The challenge, of course, is to determine what metrics are directly correlated to the strategic goals of your company.
That can't be done without clearly understanding customer experience and its impact on company performance.
Here's a case in point where the issue was somewhat counter intuitive.
I worked with a financial data and software publisher that offered a subscription service that enabled individual and institutional investors to search for publicly held companies that met user-defined criteria.
The data subscription was multi-tiered, allowing different levels of access and frequency. A trial subscription was offered at a very low price.
The company wanted growth. In addition to acquiring new customers, there were significant revenue opportunities through improved customer retention and up selling subscribers to more expensive subscription options.
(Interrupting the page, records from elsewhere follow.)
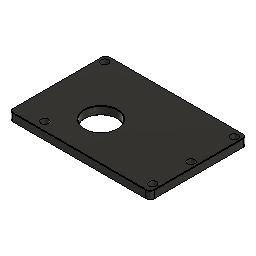
ServoPlate (Autodesk Fusion 360 design; units mm, degrees)
Autodesk Fusion 360 part; units mm, degrees
note: some values were not read from the file. Chosen so that the rebuilt part matches the saved one: which face or edge a step refers to. Set by a fixed rule: which sketch regions a step uses.
sketch "Sketch1" plane through (0, 0, 0) normal (0, 0, 1) x (1, 0, 0)
  circle A0 centre (18.7728, 42.4051) radius 2.159
  line L0 (-60.9197, 30.0451) -> (-60.9197, 69.4151)
  line L1 (22.2603, 30.0451) -> (22.2603, 69.4151)
  line L2 (19.7203, 71.9551) -> (-58.3797, 71.9551)
  arc A1 (-58.3797, 71.9551) -> (-60.9197, 69.4151) centre (-58.3797, 69.4151) ccw
  arc A2 (22.2603, 69.4151) -> (19.7203, 71.9551) centre (19.7203, 69.4151) ccw
  line L3 (-60.9197, 71.9551) -> (22.2603, 71.9551)
  circle A3 centre (-57.4272, 67.8053) radius 2.159
  circle A4 centre (18.7728, 67.8053) radius 2.159
  circle A5 centre (-44.7272, 19.9053) radius 2.159
  circle A6 centre (18.7728, 19.9051) radius 2.159
  line L4 (-60.9197, 30.0451) -> (-60.9197, 17.3451)
  line L5 (22.2603, 30.0451) -> (22.2603, 17.3451)
  line L6 (19.7203, 14.8051) -> (3.2103, 14.8051)
  line L7 (-41.8697, 14.8051) -> (-58.3797, 14.8051)
  arc A7 (-60.9197, 17.3451) -> (-58.3797, 14.8051) centre (-58.3797, 17.3451) ccw
  arc A8 (19.7203, 14.8051) -> (22.2603, 17.3451) centre (19.7203, 17.3451) ccw
  line L8 (-41.8697, 14.8051) -> (3.2103, 14.8051)
  line L9 (-60.9197, 34.7366) -> (-29.1697, 34.7366)
  line L10 (-28.759, 14.8051) -> (-28.759, 38.3051)
  circle A9 centre (-30.3427, 38.3051) radius 9.5885
  arc A10 (-57.0819, 34.7366) -> (-57.7726, 34.7366) centre (-57.4272, 32.6053) ccw
  point P0 (-54.3297, 57.5051)
  point P1 (-60.9197, 27.5051)
  point P2 (-60.9197, 71.9551)
  point P3 (22.2603, 27.5051)
  point P4 (22.2603, 71.9551)
  point P5 (-60.9197, 14.8051)
  point P6 (22.2603, 14.8051)
  dimension "d37" = 4.318
  dimension "d42" = 4.318
  dimension "d49" = 44.45
  dimension "d51" = 44.45
  dimension "d52" = 2.54
  dimension "d54" = 4.318
  dimension "d66" = 4.318
  dimension "d84" = 4.318
  dimension "d86" = 4.318
  dimension "d89" = 15.24
  dimension "d90" = 15.24
  dimension "d93" = 2.54
  dimension "d106" = 31.75
  dimension "d107" = 23.5
  dimension "d108" = 19.177
  constraint coincident P2 L0
  constraint coincident P2 L2
  constraint tangent L0 A1
  constraint tangent L2 A1
  constraint coincident P4 L1
  constraint coincident P4 L2
  constraint tangent L1 A2
  constraint tangent L2 A2
  constraint equal A1 A2
  constraint coincident P3 L1
  constraint coincident P1 L0
  constraint coincident P2 L3.start
  constraint coincident P4 L3.end
  constraint collinear L6 L7
  constraint coincident P5 L4
  constraint coincident P5 L7
  constraint tangent L4 A7
  constraint tangent L7 A7
  constraint coincident P6 L5
  constraint coincident P6 L6
  constraint tangent L5 A8
  constraint tangent L6 A8
  constraint equal A7 A8
  constraint coincident L0 L9.start
  constraint perpendicular L0 L9
  constraint coincident L8 L10.start
  constraint perpendicular L8 L10
  constraint coincident L9 A10.end
  constraint coincident L9 A10.start
  measures "d37" diameter of A0
  measures "d42" diameter of A10
  measures "d49" distance of P1 P2
  measures "d51" distance of P3 P4
  measures "d52" radius of A1
  measures "d54" diameter of A3
  measures "d66" diameter of A4
  measures "d84" diameter of A5
  measures "d86" diameter of A6
  measures "d89" distance of L0.start P5
  measures "d90" distance of L1.start P6
  measures "d93" radius of A7
  measures "d106" distance of L9.start L9.end
  measures "d107" distance of L10.start L10.end
  measures "d108" diameter of A9
extrude "Extrude4" add sketch "Sketch1" along normal blind 4.7625
fillet "Fillet5" radius 0.254 28 edges at (-60.9197, 32.3908, 0) (-60.9197, 32.3908, 4.7625) (-60.9197, 23.6951, 0) (-60.9197, 23.6951, 4.7625) (-60.1758, 15.549, 0) (-60.1758, 15.549, 4.7625) (-50.1247, 14.8051, 0) (-50.1247, 14.8051, 4.7625) (-35.3144, 14.8051, 0) (-35.3144, 14.8051, 4.7625) (-12.7744, 14.8051, 0) (-12.7744, 14.8051, 4.7625) (11.4653, 14.8051, 0) (11.4653, 14.8051, 4.7625) (21.5163, 15.549, 0) (21.5163, 15.549, 4.7625) (22.2603, 23.6951, 0) (22.2603, 23.6951, 4.7625) (22.2603, 49.7301, 0) (22.2603, 49.7301, 4.7625) (21.5163, 71.2111, 0) (21.5163, 71.2111, 4.7625) (-19.3297, 71.9551, 0) (-19.3297, 71.9551, 4.7625) (-60.1758, 71.2111, 0) (-60.1758, 71.2111, 4.7625) (-60.9197, 52.0758, 0) (-60.9197, 52.0758, 4.7625)
sketch "Sketch4" plane through (0, 0, 4.7625) normal (0, 0, 1) x (-1, 0, 0)
  circle A0 centre (44.7272, -19.9053) radius 2.159
  circle A1 centre (-18.7728, -42.4051) radius 2.159
  circle A2 centre (-18.7728, -67.8053) radius 2.159
  circle A3 centre (57.4272, -67.8053) radius 2.159
  circle A4 centre (-18.7728, -19.9051) radius 2.159
  line L0 (58.3797, -15.0591) -> (-19.7203, -15.0591)
  arc A5 (-19.7203, -15.0591) -> (-22.0063, -17.3451) centre (-19.7203, -17.3451) ccw
  line L1 (-22.0063, -17.3451) -> (-22.0063, -69.4151)
  arc A6 (-22.0063, -69.4151) -> (-19.7203, -71.7011) centre (-19.7203, -69.4151) ccw
  line L2 (-19.7203, -71.7011) -> (58.3797, -71.7011)
  arc A7 (58.3797, -71.7011) -> (60.6657, -69.4151) centre (58.3797, -69.4151) ccw
  line L3 (60.6657, -69.4151) -> (60.6657, -17.3451)
  arc A8 (60.6657, -17.3451) -> (58.3797, -15.0591) centre (58.3797, -17.3451) ccw
  line L4 (29.4237, -15.0591) -> (29.4237, -37.5591)
  circle A9 centre (29.4237, -37.5591) radius 9.5885
  line L5 (60.6657, -37.5591) -> (29.4237, -37.5591)
  dimension "d110" = 22.5
  dimension "d111" = 19.177
  dimension "d139" = 31.242
  constraint coincident L0 L4.start
  constraint perpendicular L0 L4
  constraint coincident L4.end A9.centre
  constraint coincident L3 L5.start
  constraint perpendicular L4 L5
  measures "d110" distance of L4.start L4.end
  measures "d111" diameter of A9
  measures "d139" distance of L5.start L4.end
extrude "Extrude6" cut sketch "Sketch4" against normal up to surface (4.7625 mm away) contours L4 A9 L5 | L4 A9 L5
fillet "Fillet7" radius 0.254 2 edges at (-20.4841, 41.0264, 0) (-20.4841, 34.0917, 4.7625)
sketch "Sketch5" plane through (0, 0, 4.7625) normal (0, 0, 1) x (-1, 0, 0)
  line L0 (58.3797, -15.0591) -> (-19.7203, -15.0591)
  arc A0 (-19.7203, -15.0591) -> (-22.0063, -17.3451) centre (-19.7203, -17.3451) ccw
  line L1 (-22.0063, -17.3451) -> (-22.0063, -69.4151)
  arc A1 (-22.0063, -69.4151) -> (-19.7203, -71.7011) centre (-19.7203, -69.4151) ccw
  line L2 (-19.7203, -71.7011) -> (58.3797, -71.7011)
  arc A2 (58.3797, -71.7011) -> (60.6657, -69.4151) centre (58.3797, -69.4151) ccw
  line L3 (60.6657, -69.4151) -> (60.6657, -17.3451)
  arc A3 (60.6657, -17.3451) -> (58.3797, -15.0591) centre (58.3797, -17.3451) ccw
  circle A4 centre (-18.7728, -19.9051) radius 2.159
  circle A5 centre (57.4272, -67.8053) radius 2.159
  circle A6 centre (-18.7728, -67.8053) radius 2.159
  circle A7 centre (-18.7728, -42.4051) radius 2.159
  circle A8 centre (44.7272, -19.9053) radius 2.159
  circle A9 centre (29.4237, -37.5591) radius 9.8425
  line L4 (-18.7728, -42.4051) -> (-18.7728, -48.7551)
  line L5 (-22.0063, -48.7551) -> (-16.9198, -48.7551)
  line L6 (-18.7728, -32.6051) -> (-18.7728, -26.2551)
  line L7 (-14.3798, -46.2151) -> (-14.3798, -28.7904)
  line L8 (-16.9198, -26.2504) -> (-22.0063, -26.2504)
  arc A10 (-16.9198, -48.7551) -> (-14.3798, -46.2151) centre (-16.9198, -46.2151) ccw
  line L9 (-22.0063, -48.7551) -> (-22.2606, -48.7551)
  line L10 (-22.0063, -26.2504) -> (-22.2606, -26.2504)
  arc A11 (-14.3798, -28.7904) -> (-16.9198, -26.2504) centre (-16.9198, -28.7904) ccw
  line L11 (-22.2606, -48.7551) -> (-22.2606, -26.2504)
  dimension "d116" = 6.35
  dimension "d117" = 6.35
  dimension "d118" = 2.54
  dimension "d119" = 2.54
  constraint coincident A7.centre L4.start
  constraint parallel L1 L4
  constraint coincident L1 L5.start
  constraint perpendicular L4 L5
  constraint parallel L1 L6
  constraint perpendicular L5 L7
  constraint coincident L1 L8.end
  constraint perpendicular L1 L8
  constraint tangent L5 A10
  constraint tangent L7 A10
  constraint perpendicular L1 L9
  constraint perpendicular L1 L10
  constraint tangent L7 A11
  constraint tangent L8 A11
  constraint perpendicular L10 L11
  measures "d116" distance of A7.centre L4.end
  measures "d117" distance of L6.start L6.end
  measures "d118" radius of A10
  measures "d119" radius of A11
sketch "Sketch6" plane through (22.2606, 0, 0) normal (1, 0, 0) x (0, 1, 0)
  line L0 (26.2504, 4.7625) -> (48.7551, 4.7625)
  line L1 (48.7551, 4.7625) -> (48.7551, 9.525)
  line L2 (48.7551, 9.525) -> (26.2504, 9.525)
  line L3 (26.2504, 9.525) -> (26.2504, 4.7625)
sketch "Sketch7" plane through (22.2606, 0, 0) normal (1, 0, 0) x (0, 1, 0)
  line L0 (26.2504, 9.5249) -> (48.7567, 9.5249)
  line L1 (48.7567, 9.5249) -> (48.7567, -52)
  line L2 (48.7567, -52) -> (26.2504, -52)
  line L3 (26.2504, -52) -> (26.2504, 9.5249)
  dimension "d122" = 61.5249
  constraint horizontal L0
  constraint vertical L1
  constraint horizontal L2
  constraint vertical L3
  measures "d122" distance of L0.start L2.end
sketch "Sketch8" plane through (0, 0, -52) normal (0, 0, -1) x (1, 0, 0)
  line L0 (22.2606, -26.2504) -> (22.2606, -48.7567)
  line L1 (22.2606, -48.7567) -> (27.0231, -48.7567)
  line L2 (27.0231, -48.7567) -> (27.0231, -26.2504)
  line L3 (27.0231, -26.2504) -> (22.2606, -26.2504)
  line L4 (22.2606, -26.2504) -> (17.1806, -26.2504)
  line L5 (22.2606, -48.7567) -> (17.1806, -48.7567)
  line L6 (14.6406, -46.2167) -> (14.6406, -28.7904)
  arc A0 (17.1806, -26.2504) -> (14.6406, -28.7904) centre (17.1806, -28.7904) ccw
  arc A1 (14.6406, -46.2167) -> (17.1806, -48.7567) centre (17.1806, -46.2167) ccw
  line L7 (18.7728, -48.7551) -> (18.7728, -26.2504)
  circle A2 centre (18.7728, -42.4051) radius 2.159
  circle A3 centre (18.7728, -32.6051) radius 2.159
  point P0 (14.6406, -26.2504)
  point P1 (14.6406, -48.7567)
  dimension "d125" = 7.62
  dimension "d126" = 7.62
  dimension "d127" = 2.54
  dimension "d128" = 4.318
  dimension "d129" = 4.318
  constraint coincident L0.start L3.end
  constraint perpendicular L0 L4
  constraint coincident L0.end L1.start
  constraint perpendicular L0 L5
  constraint coincident P0 L4
  constraint coincident P0 L6
  constraint tangent L4 A0
  constraint tangent L6 A0
  constraint coincident P1 L5
  constraint coincident P1 L6
  constraint tangent L5 A1
  constraint tangent L6 A1
  constraint equal A0 A1
  constraint coincident L4 L7.end
  constraint perpendicular L4 L7
  constraint coincident L7 A2.centre
  constraint coincident L7 A3.centre
  measures "d125" distance of L0.start P0
  measures "d126" distance of L0.end P1
  measures "d127" radius of A0
  measures "d128" diameter of A2
  measures "d129" diameter of A3
sketch "Sketch9" plane through (27.0231, 0, 0) normal (1, 0, 0) x (0, 1, 0)
  line L0 (26.2504, -52) -> (48.7567, -52)
  line L1 (48.7567, -52) -> (48.7567, 9.5249)
  line L2 (48.7567, 9.5249) -> (26.2504, 9.5249)
  line L3 (26.2504, 9.5249) -> (26.2504, -52)
  line L4 (26.2504, -21.2375) -> (48.7567, -21.2375)
  line L5 (37.5036, -52) -> (37.5036, 9.5249)
  line L6 (37.5036, 9.5249) -> (37.5036, -15.8751)
  line L7 (37.5036, -15.8751) -> (27.5036, -15.8751)
  line L8 (37.5036, -15.8751) -> (47.5036, -15.8751)
  circle A0 centre (42.5036, -15.8751) radius 2.5
  circle A1 centre (32.5036, -15.8751) radius 2.5
  dimension "d132" = 25.4
  dimension "d133" = 10
  dimension "d134" = 10
  dimension "d135" = 5
  dimension "d136" = 5
  constraint midpoint L3 L4.start
  constraint midpoint L1 L4.end
  constraint midpoint L0 L5.start
  constraint midpoint L2 L5.end
  constraint coincident L5 L6.end
  constraint perpendicular L5 L7
  constraint perpendicular L1 L8
  constraint midpoint L8 A0.centre
  constraint midpoint L7 A1.centre
  measures "d132" distance of L5.end L6.end
  measures "d133" distance of L6.end L7.end
  measures "d134" distance of L6.end L8.end
  measures "d135" diameter of A0
  measures "d136" diameter of A1
equation "d94 = ( 3 / 16 ) * 1 in"
equation "d122 = 2.04724 in + 0.375 in"
equation "d134 = cm"
named bodies: "ServoPlate"
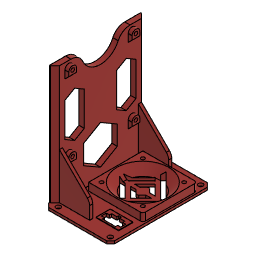
CPU Tray - RPi with Fan (Autodesk Fusion 360 design; units mm, degrees)
Autodesk Fusion 360 part; units mm, degrees
note: some values were not read from the file. Set by a fixed rule: which sketch regions a step uses.
sketch "Panel" plane through (92.9, 0, 0) normal (1, 0, 0) x (0, 1, 0)
  circle A0 centre (-9.085, 49.8044) radius 1.8
  circle A1 centre (-9.085, 9.5044) radius 1.8
  circle A2 centre (-79.085, 9.5044) radius 1.8
  circle A3 centre (-79.085, 49.8044) radius 1.8
  line L0 (-5.085, 6.0044) -> (-5.085, 51.0044)
  line L1 (-5.085, 51.0044) -> (-8.085, 54.0044)
  line L2 (-8.085, 54.0044) -> (-80.085, 54.0044)
  line L3 (-80.085, 54.0044) -> (-83.085, 51.0044)
  line L4 (-83.085, 51.0044) -> (-83.085, 6.0044)
  line L5 (-79.085, 49.8044) -> (-79.085, 9.5044) construction
  line L6 (-79.085, 9.5044) -> (-9.085, 9.5044) construction
  line L7 (-9.085, 9.5044) -> (-9.085, 49.8044) construction
  line L8 (-9.085, 49.8044) -> (-79.085, 49.8044) construction
  line L9 (-80.085, 3.0044) -> (-8.085, 3.0044)
  line L10 (-8.085, 3.0044) -> (-5.085, 6.0044)
  line L11 (-83.085, 6.0044) -> (-80.085, 3.0044)
  line L12 (-8.1678, 3.2044) -> (-5.285, 6.0872)
  line L13 (-5.285, 6.0872) -> (-5.285, 50.9215)
  line L14 (-5.285, 50.9215) -> (-8.1678, 53.8044)
  line L15 (-8.1678, 53.8044) -> (-80.0022, 53.8044)
  line L16 (-80.0022, 53.8044) -> (-82.885, 50.9215)
  line L17 (-82.885, 50.9215) -> (-82.885, 6.0872)
  line L18 (-82.885, 6.0872) -> (-80.0022, 3.2044)
  line L19 (-80.0022, 3.2044) -> (-8.1678, 3.2044) construction
  line L20 (-80.0022, 3.2044) -> (-79.8022, 3.0044)
  line L21 (-8.1678, 3.2044) -> (-8.3678, 3.0044) construction
  point P0 (-5.085, 3.0044)
  point P1 (-83.085, 3.0044)
  dimension "d5" = 78
  dimension "d10" = 70
  dimension "d11" = 40.3
  dimension "d14" = 3
  dimension "d15" = 3
  dimension "d16" = 3
  dimension "d17" = 3
  dimension "d18" = -0.2
  constraint coincident A3.centre L5.start
  constraint coincident A2.centre L5.end
  constraint coincident A1.centre L6.end
  constraint coincident A0.centre L7.end
  constraint perpendicular L0 L9
  constraint coincident P0 L9
  constraint coincident P0 L0
  constraint coincident P1 L4
  constraint coincident P1 L9
  constraint coincident L9 L20.end
  constraint parallel L18 L20
  constraint coincident L9 L21.end
  constraint parallel L12 L21
  measures "d5" distance of L0 L4
  measures "d10" distance of A3.centre A0.centre
  measures "d11" distance of A3.centre A2.centre
  measures "d14" distance of P0 L9.end
  measures "d15" distance of P0 L0.start
  measures "d16" distance of P1 L4.end
  measures "d17" distance of P1 L9.start
extrude "Extrude1" add sketch "Panel" along normal blind -1.5 and the other way blind -0.5
ref_plane "WorkPlane2" through (92.9, 0, 0) normal (1, 0, 0) x (0, 1, 0)
sketch "Tray" plane through (91.4, 0, 0) normal (-1, 0, 0) x (0, -1, 0)
  circle A0 centre (79.085, 9.5044) radius 1.8
  circle A1 centre (9.085, 9.5044) radius 1.8
  circle A2 centre (79.085, 49.8044) radius 1.8
  circle A3 centre (9.085, 49.8044) radius 1.8
  line L0 (80.085, 3.0044) -> (83.085, 6.0044)
  line L1 (83.085, 6.0044) -> (83.085, 51.0044)
  line L2 (83.085, 51.0044) -> (80.085, 54.0044)
  line L3 (80.085, 54.0044) -> (8.085, 54.0044)
  line L4 (8.085, 54.0044) -> (5.085, 51.0044)
  line L5 (5.085, 51.0044) -> (5.085, 6.0044)
  line L6 (5.085, 6.0044) -> (8.085, 3.0044)
  line L7 (8.085, 3.0044) -> (80.085, 3.0044)
  line L8 (79.335, 3.0044) -> (8.835, 3)
  line L9 (8.835, 3.7172) -> (8.835, 3)
  line L10 (8.835, 3.7172) -> (12.285, 7.1672)
  line L11 (12.285, 7.1672) -> (75.885, 7.1672)
  line L12 (44.085, 7.1672) -> (44.085, 3.0044) construction
  line L13 (79.335, 3.7172) -> (75.885, 7.1672)
  line L14 (79.335, 3.7172) -> (79.335, 3)
  dimension "d19" = 70.5
  dimension "d20" = 0.7171
  dimension "d21" = 4.879
  dimension "d22" = 63.6
  constraint perpendicular L6 L10
  constraint horizontal L11
  constraint midpoint L11 L12.start
  constraint midpoint L7 L12.end
  constraint symmetric L8.end L12 L14.end
  constraint symmetric L9.start L12 L13.start
  constraint symmetric L10.end L12 L11.end
  measures "d19" distance of L8.start L8.end
  measures "d20" distance of L8.end L9.start
  measures "d21" distance of L9.start L10.end
  measures "d22" distance of L10.end L11.end
extrude "Extrude2" add sketch "Tray" along normal blind 91.9 contours L7 L9 L10 L11 L13 L14
ref_plane "WorkPlane1" through (92.4, -75.885, 28.5044) normal (0, -1, 0) x (0, 0, 1)
sketch "Wall Brace" plane through (91.25, -75.885, 27.0044) normal (0, -1, 0) x (0, 0, 1)
  line L0 (27, -0.15) -> (-19.8372, -0.15)
  line L1 (-19.8372, 91.75) -> (-24, 91.75)
  line L2 (-24, -2.15) -> (27, -2.15)
  line L3 (1.8194, 13.9267) -> (-19.8392, 35.5853)
  line L4 (27, -0.15) -> (-39.2378, -0.15) construction
  line L5 (3.5768, 9.6869) -> (3.5814, -0.15)
  arc A0 (3.5768, 9.6869) -> (1.8194, 13.9267) centre (-2.4232, 9.6841) ccw
  line L6 (27, -2.15) -> (27, -0.15)
  line L7 (-19.8372, -0.15) -> (-19.8372, 91.75)
  line L8 (-24, 91.75) -> (-24, -2.15)
  dimension "d614" = 45
  dimension "d615" = 6
  constraint horizontal L4
  constraint coincident L0.start L4.start
  constraint midpoint L0 L5.end
  constraint tangent L3 A0
  constraint tangent L5 A0
  measures "d614" angle of L3 L4
  measures "d615" radius of A0
extrude "Extrude8" add sketch "Wall Brace" against normal blind 2.4 contours L0 L3 L5 A0 L7
extrude "Extrude9" add 1 faces at (74.796, -75.885, 14.3854) along direction (0, -1, 0) blind 2.4 from surface at -63.6
sketch "SPI Port" plane through (93.4, 0, 0) normal (1, 0, 0) x (0, 1, 0)
  circle A0 centre (-79.085, 9.5044) radius 1.8
  circle A1 centre (-9.085, 9.5044) radius 1.8
  circle A2 centre (-79.085, 49.8044) radius 1.8
  circle A3 centre (-9.085, 49.8044) radius 1.8
  line L0 (-83.085, 6.0044) -> (-80.085, 3.0044)
  line L1 (-80.085, 3.0044) -> (-8.085, 3.0044)
  line L2 (-8.085, 3.0044) -> (-5.085, 6.0044)
  line L3 (-5.085, 6.0044) -> (-5.085, 51.0044)
  line L4 (-5.085, 51.0044) -> (-8.085, 54.0044)
  line L5 (-8.085, 54.0044) -> (-80.085, 54.0044)
  line L6 (-80.085, 54.0044) -> (-83.085, 51.0044)
  line L7 (-83.085, 51.0044) -> (-83.085, 6.0044)
  line L8 (-53.25, 47.7) -> (-35.75, 47.7)
  line L9 (-35.75, 47.7) -> (-35.75, 36.7)
  line L10 (-35.75, 36.7) -> (-53.25, 36.7)
  line L11 (-53.25, 36.7) -> (-53.25, 47.7)
  line L12 (-39.4, 41.025) -> (-37, 41.025)
  line L13 (-37, 41.025) -> (-37, 44.775)
  line L14 (-39.4, 44.775) -> (-37, 44.775)
  line L15 (-39.4, 44.775) -> (-39.4, 46.475)
  line L16 (-39.4, 46.475) -> (-49.6, 46.475)
  line L17 (-49.6, 44.775) -> (-49.6, 46.475)
  line L18 (-52, 44.775) -> (-49.6, 44.775)
  line L19 (-52, 44.775) -> (-52, 41.025)
  line L20 (-49.6, 41.025) -> (-52, 41.025)
  line L21 (-49.6, 39.325) -> (-49.6, 41.025)
  line L22 (-45.5, 39.325) -> (-49.6, 39.325)
  line L23 (-45.5, 37.925) -> (-45.5, 39.325)
  line L24 (-43.5, 37.925) -> (-45.5, 37.925)
  line L25 (-43.5, 39.325) -> (-43.5, 37.925)
  line L26 (-39.4, 39.325) -> (-39.4, 41.025)
  line L27 (-43.5, 39.325) -> (-39.4, 39.325)
  line L28 (-49.6, 39.325) -> (-39.4, 39.325) construction
  line L29 (-44.5, 37.925) -> (-44.5, 46.475) construction
  line L30 (-52, 42.9) -> (-37, 42.9) construction
  line L31 (-49.6, 46.475) -> (-49.6, 39.325) construction
  line L32 (-39.4, 39.325) -> (-39.4, 46.475) construction
  line L33 (-37, 41.025) -> (-52, 41.025) construction
  line L34 (-52, 44.775) -> (-37, 44.775) construction
  dimension "d24" = 2
  dimension "d25" = 15
  dimension "d26" = 10.2
  constraint midpoint L24 L29.start
  constraint midpoint L16 L29.end
  constraint perpendicular L16 L29
  constraint symmetric L23 L25 L29
  constraint symmetric L21 L26 L29
  constraint symmetric L15 L17 L29
  constraint symmetric L13 L19 L29
  constraint symmetric L9 L11 L29
  constraint midpoint L19 L30.start
  constraint midpoint L13 L30.end
  constraint perpendicular L28 L31
  constraint perpendicular L16 L32
  constraint perpendicular L19 L33
  constraint perpendicular L19 L34
  constraint horizontal L34
  constraint vertical L31
  constraint vertical L32
  constraint vertical L26
  constraint vertical L17
  constraint horizontal L24
  constraint vertical L25
  measures "d24" distance of L23 L25
  measures "d25" distance of L13 L19
  measures "d26" distance of L21 L26
move_body "Move1" bodies 1 to x (0, 0, -1) y (0, 1, 0) z (1, 0, 0) at (90.3956, 0, 96.4044)
sketch "Screw Holes" plane through (97.5628, 0, 0) normal (1, 0, 0) x (0, 1, 0)
  line L0 (-14.685, 40.7377) -> (-12.285, 40.7377)
  line L1 (-12.285, 40.7377) -> (-12.285, 96.9044)
  line L2 (-12.285, 96.9044) -> (-75.885, 96.9044)
  line L3 (-75.885, 96.9044) -> (-75.885, 40.7377)
  line L4 (-75.885, 40.7377) -> (-73.485, 40.7377)
  line L5 (-73.485, 40.7377) -> (-73.485, 5.0044)
  line L6 (-73.485, 5.0044) -> (-14.685, 5.0044)
  line L7 (-14.685, 5.0044) -> (-14.685, 40.7377)
  line L8 (-44.085, 96.9044) -> (-44.085, 62.9044) construction
  line L9 (-19.585, 33.9044) -> (-68.585, 33.9044) construction
  line L10 (-68.585, 33.9044) -> (-68.585, 91.9044) construction
  line L11 (-68.585, 91.9044) -> (-19.585, 91.9044) construction
  line L12 (-19.585, 91.9044) -> (-19.585, 33.9044) construction
  line L13 (-19.585, 33.9044) -> (-68.585, 91.9044) construction
  line L14 (-68.585, 33.9044) -> (-19.585, 91.9044) construction
  circle A0 centre (-68.585, 91.9044) radius 1.4
  circle A1 centre (-19.585, 91.9044) radius 1.4
  circle A2 centre (-68.585, 33.9044) radius 1.4
  circle A3 centre (-19.585, 33.9044) radius 1.4
  line L15 (-65.585, 30.9044) -> (-71.585, 30.9044)
  line L16 (-71.585, 30.9044) -> (-71.585, 33.9044)
  line L17 (-65.585, 33.9044) -> (-65.585, 30.9044)
  line L18 (-71.585, 91.9044) -> (-71.585, 88.9044)
  line L19 (-71.585, 88.9044) -> (-65.585, 88.9044)
  line L20 (-65.585, 88.9044) -> (-65.585, 91.9044)
  arc A4 (-65.585, 91.9044) -> (-71.585, 91.9044) centre (-68.585, 91.9044) ccw
  arc A5 (-65.585, 33.9044) -> (-71.585, 33.9044) centre (-68.585, 33.9044) ccw
  line L21 (-16.585, 30.9044) -> (-16.585, 33.9044)
  arc A6 (-16.585, 33.9044) -> (-22.585, 33.9044) centre (-19.585, 33.9044) ccw
  line L22 (-22.585, 33.9044) -> (-22.585, 30.9044)
  line L23 (-22.585, 30.9044) -> (-16.585, 30.9044)
  line L24 (-16.585, 91.9044) -> (-16.585, 88.9044)
  line L25 (-16.585, 88.9044) -> (-22.585, 88.9044)
  arc A7 (-16.585, 91.9044) -> (-22.585, 91.9044) centre (-19.585, 91.9044) ccw
  line L26 (-22.585, 88.9044) -> (-22.585, 91.9044)
  point P0 (-68.585, 33.9044)
  dimension "d28" = 49
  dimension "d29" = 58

We began by focusing on customer experience and learned that:
- Frequent users (at least 4 times per month) had higher priced subscriptions and had a 96% renewal rate
- Frequent users sought support at least twice a year for implementing a strategy
- Among those subscribers who lapsed, never upgraded, or didn't subscribe beyond the trial, they had almost never asked for help in implementing a strategy
We contacted a subset of this group and asked why they weren't contacting support for help in implementing their strategies. They gave three reasons:
- They trusted the data and software but were unsure about the support staff's ability to understand their investment strategies
- They wanted to keep their strategies confidential
- They were a bit embarrassed that they couldn't become expert users on their own
When asked if all of these issues were addressed to their satisfaction how likely they would be to use the software more frequently, the vast majority indicated they would.
The company tested some solutions to these challenges:
- Privacy guidelines were reinforced and communicated to all subscribers
- Example investment strategies were published in an effort to raise the company's credibility
- An invitation to get help implementing any strategy was sent to all subscribers
- Several members of the financial media were recruited to use the service and write articles about investment strategies
Renewals increased about 25%. 20% more trial subscriptions converted to annual subscriptions. Referral rates increased dramatically as well. The additional PR also contributed to new customer acquisition. The company grew 500% over 3 years and was sold to a large financial research and publishing company.
Many companies rightfully focus on reducing support costs. Perhaps the right metric in this case is to ensure that the level of support has minimum and maximum levels. Employees are compensated by keeping the averages within those bounds. Staying below the top level cuts costs and being above the bottom threshold drives revenue.